Terminado o período do mandato ao qual eu servia, voltei para minhas atividades na iniciativa privada, até que um belo dia – quase um ano depois – recebi uma intimação para comparecer perante uma Comissão de Inquérito que apurava denúncias. Tomei o maior susto. Tinha consciência de que não corrompi ninguém (e nem fui corrompido), não pratiquei concussão nem advocacia administrativa e não prevariquei. O que poderia ser?
No dia seguinte encontrei a comissão completa me esperando: presidente, secretário e mais um membro. Depois das formalidades de apresentação ouvi a leitura da peça de acusação.

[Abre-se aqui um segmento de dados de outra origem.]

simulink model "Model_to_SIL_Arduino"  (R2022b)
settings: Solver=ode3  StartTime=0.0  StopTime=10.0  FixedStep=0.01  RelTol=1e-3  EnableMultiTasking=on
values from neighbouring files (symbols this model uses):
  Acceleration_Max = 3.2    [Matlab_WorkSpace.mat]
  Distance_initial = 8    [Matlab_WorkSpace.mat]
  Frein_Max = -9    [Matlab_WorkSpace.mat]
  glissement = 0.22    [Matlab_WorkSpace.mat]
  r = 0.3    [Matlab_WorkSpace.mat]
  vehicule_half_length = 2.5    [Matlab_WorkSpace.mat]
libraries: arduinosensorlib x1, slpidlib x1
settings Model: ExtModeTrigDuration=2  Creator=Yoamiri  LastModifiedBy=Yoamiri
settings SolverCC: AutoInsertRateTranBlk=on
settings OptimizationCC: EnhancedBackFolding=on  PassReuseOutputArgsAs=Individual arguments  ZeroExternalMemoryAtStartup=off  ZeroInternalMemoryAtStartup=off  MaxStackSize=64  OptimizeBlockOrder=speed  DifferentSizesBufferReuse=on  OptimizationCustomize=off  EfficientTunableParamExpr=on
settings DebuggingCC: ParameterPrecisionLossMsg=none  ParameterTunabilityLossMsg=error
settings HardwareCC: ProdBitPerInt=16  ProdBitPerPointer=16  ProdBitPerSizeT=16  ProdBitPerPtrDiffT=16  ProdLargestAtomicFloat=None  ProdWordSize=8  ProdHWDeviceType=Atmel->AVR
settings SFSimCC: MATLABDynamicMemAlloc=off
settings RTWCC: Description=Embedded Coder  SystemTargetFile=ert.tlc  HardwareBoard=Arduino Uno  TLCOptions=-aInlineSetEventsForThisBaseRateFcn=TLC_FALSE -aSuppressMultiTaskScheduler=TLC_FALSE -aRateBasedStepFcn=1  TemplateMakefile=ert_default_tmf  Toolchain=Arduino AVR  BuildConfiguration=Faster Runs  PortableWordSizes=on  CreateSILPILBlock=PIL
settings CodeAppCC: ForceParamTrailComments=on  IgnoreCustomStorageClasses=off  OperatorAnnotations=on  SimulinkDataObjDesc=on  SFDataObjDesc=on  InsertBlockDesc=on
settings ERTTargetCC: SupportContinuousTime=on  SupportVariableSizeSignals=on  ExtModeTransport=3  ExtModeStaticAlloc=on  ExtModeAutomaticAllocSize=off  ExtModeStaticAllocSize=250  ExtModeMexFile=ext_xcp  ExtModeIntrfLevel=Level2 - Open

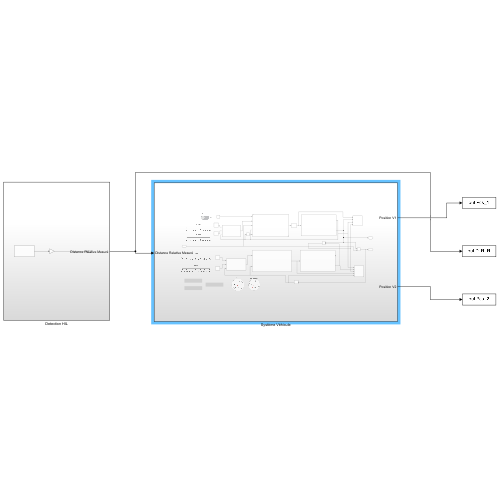
[thumbnail: Simulink's stored preview of the top-level diagram]
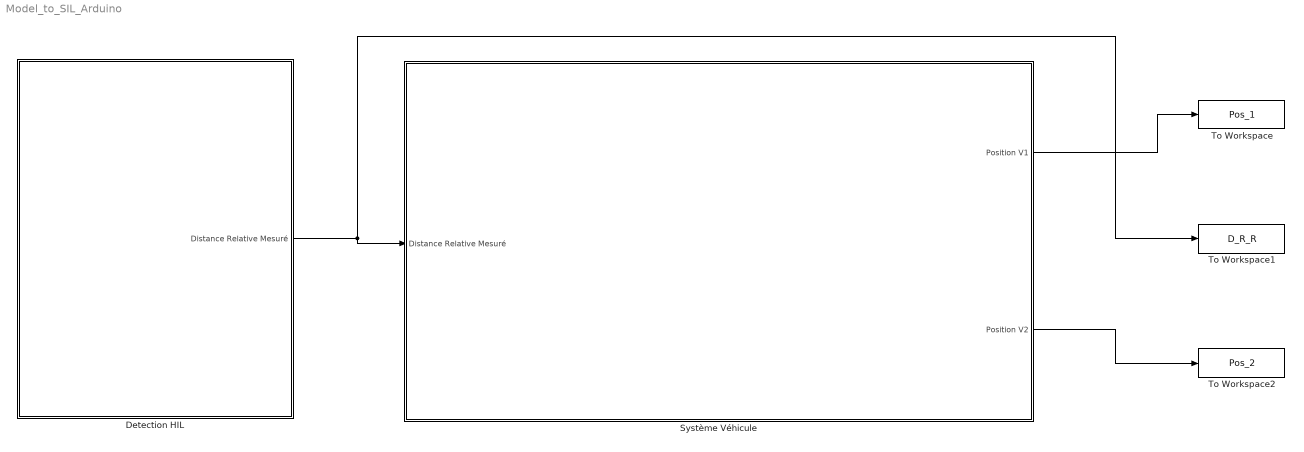
== system Model_to_SIL_Arduino ==
  Detection HIL : Subsystem
  Système Véhicule : Subsystem
  To Workspace : ToWorkspace  VariableName=Pos_1  SaveFormat=Structure With Time  SampleTime=0.01
  To Workspace1 : ToWorkspace  VariableName=D_R_R  SaveFormat=Structure With Time  SampleTime=0.01
  To Workspace2 : ToWorkspace  VariableName=Pos_2  SaveFormat=Structure With Time  SampleTime=0.01
  wires:
  Système Véhicule/2(Position V2) -> To Workspace2/1
  Système Véhicule/1(Position V1) -> To Workspace/1
  Detection HIL/1(Distance Relative Mesuré) -> To Workspace1/1, Système Véhicule/1(Distance Relative Mesuré)

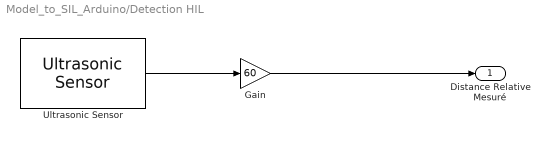
== system Model_to_SIL_Arduino/Detection HIL ==
  Gain : Gain  Gain=60
  Ultrasonic Sensor : arduinosensorlib/Ultrasonic Sensor  NumSignalPins=1  TrigPin=4  EchoPin=5  SignalPin=3  SampleTime_=0.1  blockPlatform=ARDUINO
  Distance Relative Mesuré : Outport
  wires:
  Ultrasonic Sensor/1 -> Gain/1
  Gain/1 -> Distance Relative Mesuré/1

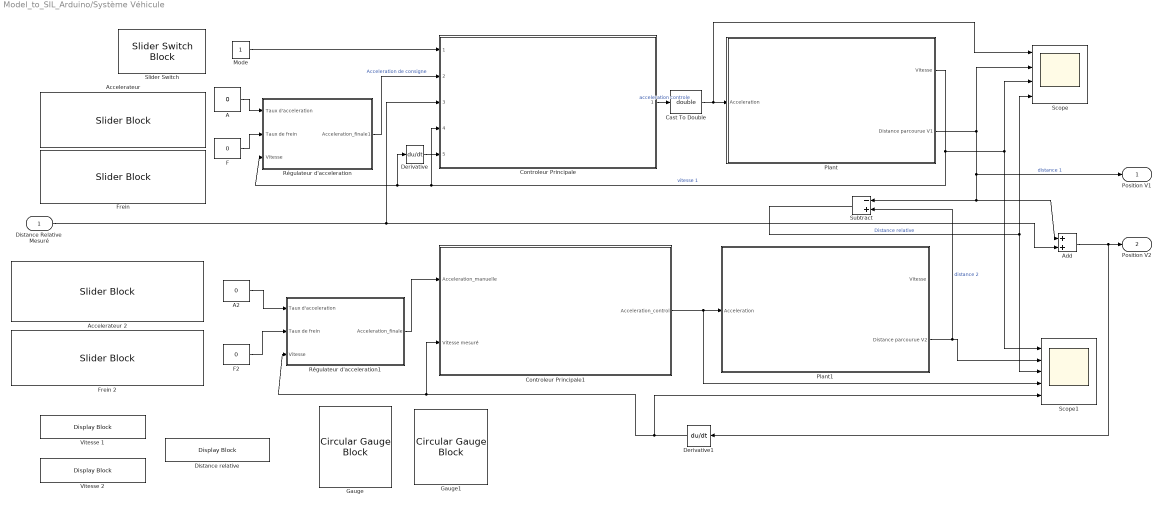
== system Model_to_SIL_Arduino/Système Véhicule ==
  Distance Relative Mesuré : Inport
  A : Constant  Value=0
  A2 : Constant  Value=0
  Accelerateur : SliderBlock
  Accelerateur 2 : SliderBlock  TickInterval=10
  Add : Sum
  Cast To Double : DataTypeConversion  OutDataTypeStr=double  SaturateOnIntegerOverflow=off  RndMeth=Floor
  Controleur Principale : Subsystem  TreatAsAtomicUnit=on  ReferencedSubsystem=Controleur_Principale_SIL
  Controleur Principale1 : Subsystem
  Derivative : Derivative
  Derivative1 : Derivative
  Distance relative : DisplayBlock  LabelPosition=Hide  Transparency=1
  F : Constant  Value=0
  F2 : Constant  Value=0
  Frein : SliderBlock
  Frein 2 : SliderBlock  TickInterval=10
  Gauge : CircularGaugeBlock
  Gauge1 : CircularGaugeBlock
  Mode : Constant  OutDataTypeStr=boolean
  Plant : Subsystem
  Plant1 : Subsystem
  Régulateur d'acceleration : Subsystem
  Régulateur d'acceleration1 : Subsystem
  Scope : Scope  NumInputPorts=4
  Scope1 : Scope  NumInputPorts=5
  Slider Switch : SliderSwitchBlock
      settings: Values={{'Off', 'On'}, [1 0]}
  Subtract : Sum  Inputs=-+
  Vitesse 1 : DisplayBlock  LabelPosition=Hide  Transparency=1
  Vitesse 2 : DisplayBlock  LabelPosition=Hide  Transparency=1
  Position V1 : Outport
  Position V2 : Outport  Port=2
  wires:
  Controleur Principale1/1(Acceleration_control) -> Plant1/1(Acceleration), Scope1/4
  A2/1 -> Régulateur d'acceleration1/1(Taux d'acceleration)
  Régulateur d'acceleration1/1(Acceleration_finale) -> Controleur Principale1/1(Acceleration_manuelle)
  Régulateur d'acceleration/1(Acceleration_finale1) -> Controleur Principale/2  "Acceleration de consigne"
  Controleur Principale/1 -> Cast To Double/1  "acceleration controle"
  F2/1 -> Régulateur d'acceleration1/2(Taux de frein)
  Plant/1(Vitesse) -> Scope/3, Scope1/1, Controleur Principale/4, Derivative/1, Régulateur d'acceleration/3(Vitesse)  "vitesse 1"
  Mode/1 -> Controleur Principale/1
  Subtract/1 -> Scope/4, Scope1/3  "Distance relative"
  Plant/2(Distance parcourue V1) -> Add/1, Subtract/1, Position V1/1, Scope/2  "distance 1"
  Plant1/2(Distance parcourue V2) -> Scope1/2, Subtract/2  "distance 2"
  A/1 -> Régulateur d'acceleration/1(Taux d'acceleration)
  F/1 -> Régulateur d'acceleration/2(Taux de frein)
  Distance Relative Mesuré/1 -> Controleur Principale/3, Add/2
  Cast To Double/1 -> Scope/1, Plant/1(Acceleration)
  Derivative/1 -> Controleur Principale/5
  Add/1 -> Derivative1/1, Position V2/1
  Derivative1/1 -> Scope1/5, Controleur Principale1/2(Vitesse mesuré), Régulateur d'acceleration1/3(Vitesse)

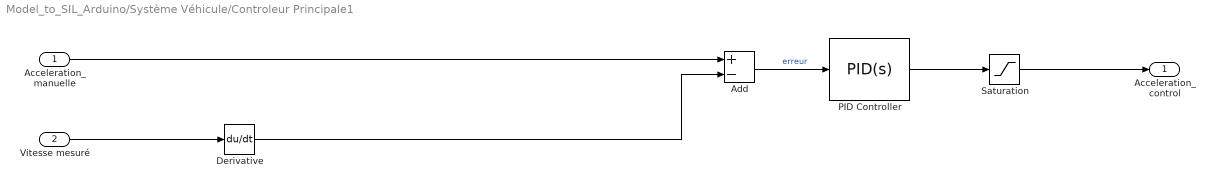
== system Model_to_SIL_Arduino/Système Véhicule/Controleur Principale1 ==
  Acceleration_manuelle : Inport
  Vitesse mesuré : Inport  Port=2
  Add : Sum  Inputs=+-
  Derivative : Derivative
  PID Controller : slpidlib/PID Controller  Controller=PID  Form=Parallel  TimeDomain=Continuous-time  UseExternalTs=off  SampleTime=-1  IntegratorMethod=Forward Euler  FilterMethod=Forward Euler  ControllerParametersSource=internal  P=4  I=1.5  UseKiTs=off  D=0  N=100  UseFilter=on  TunerSelectOption=Transfer Function Based (PID Tuner App)  InitialConditionSource=internal  InitialConditionForIntegrator=0  InitialConditionForFilter=0  DifferentiatorICPrevScaledInput=0  ExternalReset=none  TrackingMode=off  Kt=1  LimitOutput=off  SatLimitsSource=internal  UpperSaturationLimit=inf  LowerSaturationLimit=-inf  LinearizeAsGain=on  AntiWindupMode=none  Kb=1  LimitIntegrator=off  UpperIntegratorSaturationLimit=inf  LowerIntegratorSaturationLimit=-inf  POutMin=[]  POutMax=[]  IOutMin=[]  IOutMax=[]  DOutMin=[]  DOutMax=[]  NOutMin=[]  NOutMax=[]  SumOutMin=[]  SumOutMax=[]  SaturationOutMin=[]  SaturationOutMax=[]  PParamMin=[]  PParamMax=[]  IParamMin=[]  IParamMax=[]  DParamMin=[]  DParamMax=[]  NParamMin=[]  NParamMax=[]  KbParamMin=[]  KbParamMax=[]  KtParamMin=[]  KtParamMax=[]  KbOutMin=[]  KbOutMax=[]  KtOutMin=[]  KtOutMax=[]  IntegratorOutMin=[]  IntegratorOutMax=[]  FilterOutMin=[]  FilterOutMax=[]  SumI1OutMin=[]  SumI1OutMax=[]  SumI2OutMin=[]  SumI2OutMax=[]  SumI3OutMin=[]  SumI3OutMax=[]  SumI4OutMin=[]  SumI4OutMax=[]  SumDOutMin=[]  SumDOutMax=[]  DifferentiatorOutMin=[]  DifferentiatorOutMax=[]  FilterDiffOutCoefMin=[]  FilterDiffOutCoefMax=[]  ReciprocalOutMin=[]  ReciprocalOutMax=[]  SumDenOutMin=[]  SumDenOutMax=[]  SumNumOutMin=[]  SumNumOutMax=[]  DivideOutMin=[]  DivideOutMax=[]  UdiffTsProdOutMin=[]  UdiffTsProdOutMax=[]  NTsProdOutMin=[]  NTsProdOutMax=[]  UintegralTsProdOutMin=[]  UintegralTsProdOutMax=[]  UngainTsProdOutMin=[]  UngainTsProdOutMax=[]  ClampingZeroOutDataTypeStr=Inherit: Inherit via back propagation  ClampingZeroOutMin=[]  ClampingZeroOutMax=[]  FilterDenConstantOutDataTypeStr=Inherit: Inherit via back propagation  FilterDenConstantOutMin=[]  FilterDenConstantOutMax=[]  PCopyOutDataTypeStr=Inherit: Inherit via back propagation  PCopyOutMin=[]  PCopyOutMax=[]  NCopyOutDataTypeStr=Inherit: Inherit via back propagation  NCopyOutMin=[]  NCopyOutMax=[]  IntegratorContinuousStateAttributes=''  IntegratorStateMustResolveToSignalObject=off  IntegratorRTWStateStorageClass=Auto  FilterContinuousStateAttributes=''  FilterStateMustResolveToSignalObject=off  FilterRTWStateStorageClass=Auto  ParallelPVariant=InternalParameters  IdealPVariant=Disabled  IVariant=InternalParameters  DVariant=InternalParameters  IntegratorVariant=Continuous  SatVariant=Disabled  AWVariant=Passthrough  PCopyVariant=Disabled  TRVariant=Disabled  FdbkBlocksVariant=Forward  IdealPFdbkVariant=Disabled  SatFdbkVariant=Disabled  DerivativeFilterVariant=ContFilter  NVariant=InternalParameters  NCopyVariant=Disabled  FilterICVariant=InternalICsFilter  IntegratorICVariant=InternalICs  ExternalResetVariant=Disabled  TRSumVariant=Passthrough  SumFdbkVariant=Disabled  SumVariant=Sum_PID  TsampFilterVariant=InternalTs  TsampNgainVariant=Passthrough  TsampIntegralVariant=Passthrough  ExternalSaturationOutDataTypeStr=Inherit: Same as second input
  Saturation : Saturate  UpperLimit=Acceleration_Max  LowerLimit=Frein_Max
  Acceleration_control : Outport
  wires:
  Vitesse mesuré/1 -> Derivative/1
  Derivative/1 -> Add/2
  Add/1 -> PID Controller/1  "erreur"
  PID Controller/1 -> Saturation/1
  Acceleration_manuelle/1 -> Add/1
  Saturation/1 -> Acceleration_control/1

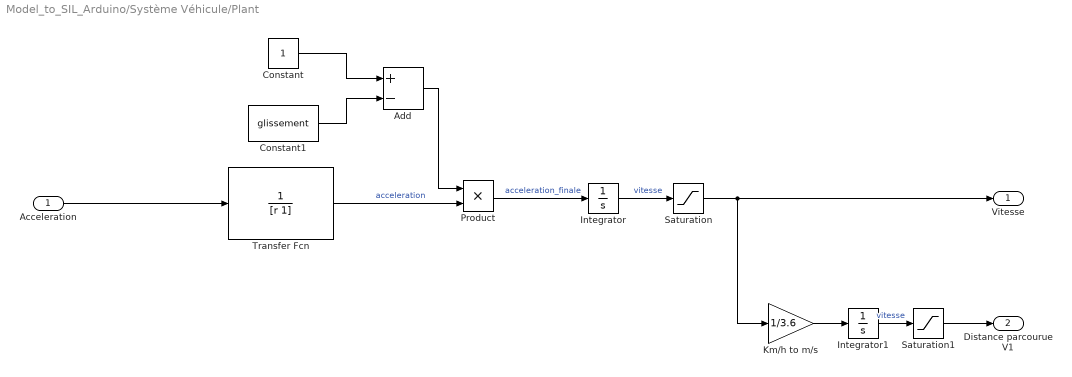
== system Model_to_SIL_Arduino/Système Véhicule/Plant ==
  Acceleration : Inport
  Add : Sum  Inputs=+-
  Constant : Constant
  Constant1 : Constant  Value=glissement
  Integrator : Integrator
  Integrator1 : Integrator
  Km/h to m/s : Gain  Gain=1/3.6
  Product : Product
  Saturation : Saturate  UpperLimit=120  LowerLimit=0
  Saturation1 : Saturate  UpperLimit=inf  LowerLimit=0
  Transfer Fcn : TransferFcn  Denominator=[r 1]
  Vitesse : Outport
  Distance parcourue V1 : Outport  Port=2
  wires:
  Acceleration/1 -> Transfer Fcn/1
  Product/1 -> Integrator/1  "acceleration_finale"
  Transfer Fcn/1 -> Product/2  "acceleration"
  Constant/1 -> Add/1
  Constant1/1 -> Add/2
  Add/1 -> Product/1
  Integrator1/1 -> Saturation1/1  "vitesse"
  Saturation/1 -> Vitesse/1, Km/h to m/s/1
  Saturation1/1 -> Distance parcourue V1/1
  Km/h to m/s/1 -> Integrator1/1
  Integrator/1 -> Saturation/1  "vitesse"

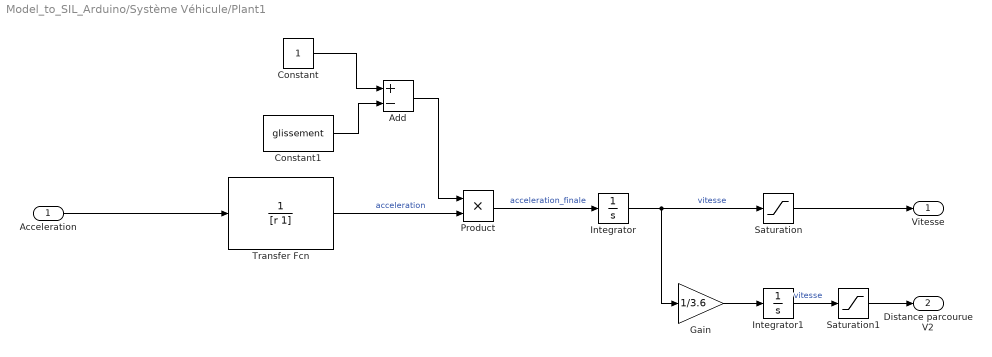
== system Model_to_SIL_Arduino/Système Véhicule/Plant1 ==
  Acceleration : Inport
  Add : Sum  Inputs=+-
  Constant : Constant
  Constant1 : Constant  Value=glissement
  Gain : Gain  Gain=1/3.6
  Integrator : Integrator
  Integrator1 : Integrator  InitialCondition=Distance_initial+vehicule_half_length
  Product : Product
  Saturation : Saturate  UpperLimit=120  LowerLimit=0
  Saturation1 : Saturate  UpperLimit=inf  LowerLimit=0
  Transfer Fcn : TransferFcn  Denominator=[r 1]
  Vitesse : Outport
  Distance parcourue V2 : Outport  Port=2
  wires:
  Acceleration/1 -> Transfer Fcn/1
  Product/1 -> Integrator/1  "acceleration_finale"
  Transfer Fcn/1 -> Product/2  "acceleration"
  Constant/1 -> Add/1
  Constant1/1 -> Add/2
  Add/1 -> Product/1
  Integrator/1 -> Saturation/1, Gain/1  "vitesse"
  Integrator1/1 -> Saturation1/1  "vitesse"
  Gain/1 -> Integrator1/1
  Saturation/1 -> Vitesse/1
  Saturation1/1 -> Distance parcourue V2/1

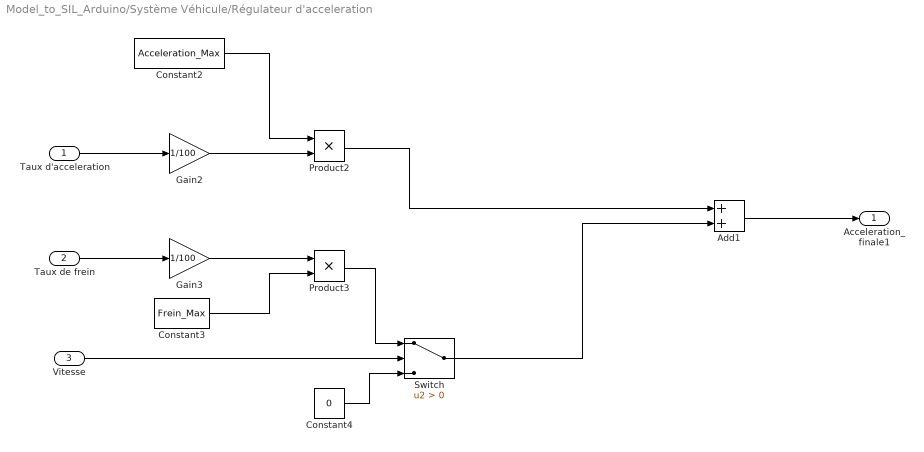
== system Model_to_SIL_Arduino/Système Véhicule/Régulateur d'acceleration ==
  Taux d'acceleration : Inport
  Taux de frein : Inport  Port=2
  Vitesse : Inport  Port=3
  Add1 : Sum
  Constant2 : Constant  Value=Acceleration_Max
  Constant3 : Constant  Value=Frein_Max
  Constant4 : Constant  Value=0
  Gain2 : Gain  Gain=1/100
  Gain3 : Gain  Gain=1/100
  Product2 : Product
  Product3 : Product
  Switch : Switch  Criteria=u2 > Threshold  SaturateOnIntegerOverflow=off  InputSameDT=off
  Acceleration_finale1 : Outport
  wires:
  Constant4/1 -> Switch/3
  Product3/1 -> Switch/1
  Vitesse/1 -> Switch/2
  Switch/1 -> Add1/2
  Product2/1 -> Add1/1
  Taux d'acceleration/1 -> Gain2/1
  Gain3/1 -> Product3/1
  Add1/1 -> Acceleration_finale1/1
  Constant2/1 -> Product2/1
  Taux de frein/1 -> Gain3/1
  Gain2/1 -> Product2/2
  Constant3/1 -> Product3/2

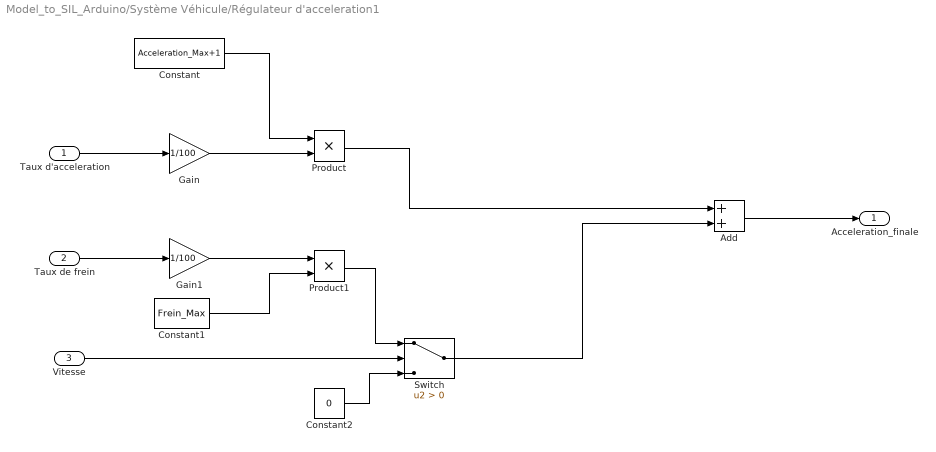
== system Model_to_SIL_Arduino/Système Véhicule/Régulateur d'acceleration1 ==
  Taux d'acceleration : Inport
  Taux de frein : Inport  Port=2
  Vitesse : Inport  Port=3
  Add : Sum
  Constant : Constant  Value=Acceleration_Max+1
  Constant1 : Constant  Value=Frein_Max
  Constant2 : Constant  Value=0
  Gain : Gain  Gain=1/100
  Gain1 : Gain  Gain=1/100
  Product : Product
  Product1 : Product
  Switch : Switch  Criteria=u2 > Threshold  SaturateOnIntegerOverflow=off  InputSameDT=off
  Acceleration_finale : Outport
  wires:
  Taux de frein/1 -> Gain1/1
  Taux d'acceleration/1 -> Gain/1
  Constant1/1 -> Product1/2
  Constant/1 -> Product/1
  Gain/1 -> Product/2
  Gain1/1 -> Product1/1
  Product/1 -> Add/1
  Add/1 -> Acceleration_finale/1
  Vitesse/1 -> Switch/2
  Product1/1 -> Switch/1
  Switch/1 -> Add/2
  Constant2/1 -> Switch/3

A então chefe de gabinete da vice-governadora enviou um ofício à Controladoria em que denunciava o sumiço de diversos móveis, itens constantes na lista de patrimônio do gabinete e que fora assinada por mim. Na lista tinha de tudo: central de ar-condicionado e de PABX, móveis inteiros e modulados, cadeiras, poltronas e uma cacaria sem fim.
Pedi um prazo para verificar onde foram parar os itens sumidos, e saí da reunião direto para onde funcionava a Vice-Governadoria. Na equipe de apoio ainda havia funcionários que trabalhavam comigo e pedi a eles que me ajudassem a localizar os itens desaparecidos.
O tempo gasto para localizar os objetos dados como sumidos foi apenas o necessário para se pegar a chave do depósito e atravessar o pátio. Tudo estava lá, com exceção dos aparelhos de refrigeração, que faziam parte de uma central de ar-condicionado, instalados de forma definitiva em um dos prédios do Governo Estadual onde o gabinete funcionou.
Liguei imediatamente para o presidente da Comissão e pedi para que me recebesse no dia seguinte, pois eu já tinha resolvido o caso do sumiço. Ele não acreditou.
Na manhã seguinte levei as fotos dos móveis e objetos dados como desaparecidos, fiz constar em ata a má-fé da chefe de gabinete e pedi que fosse enviado a ela o resultado do inquérito e as minhas declarações. Ainda ameacei entrar com um processo judicial contra o Estado de Rondônia, o que não fiz.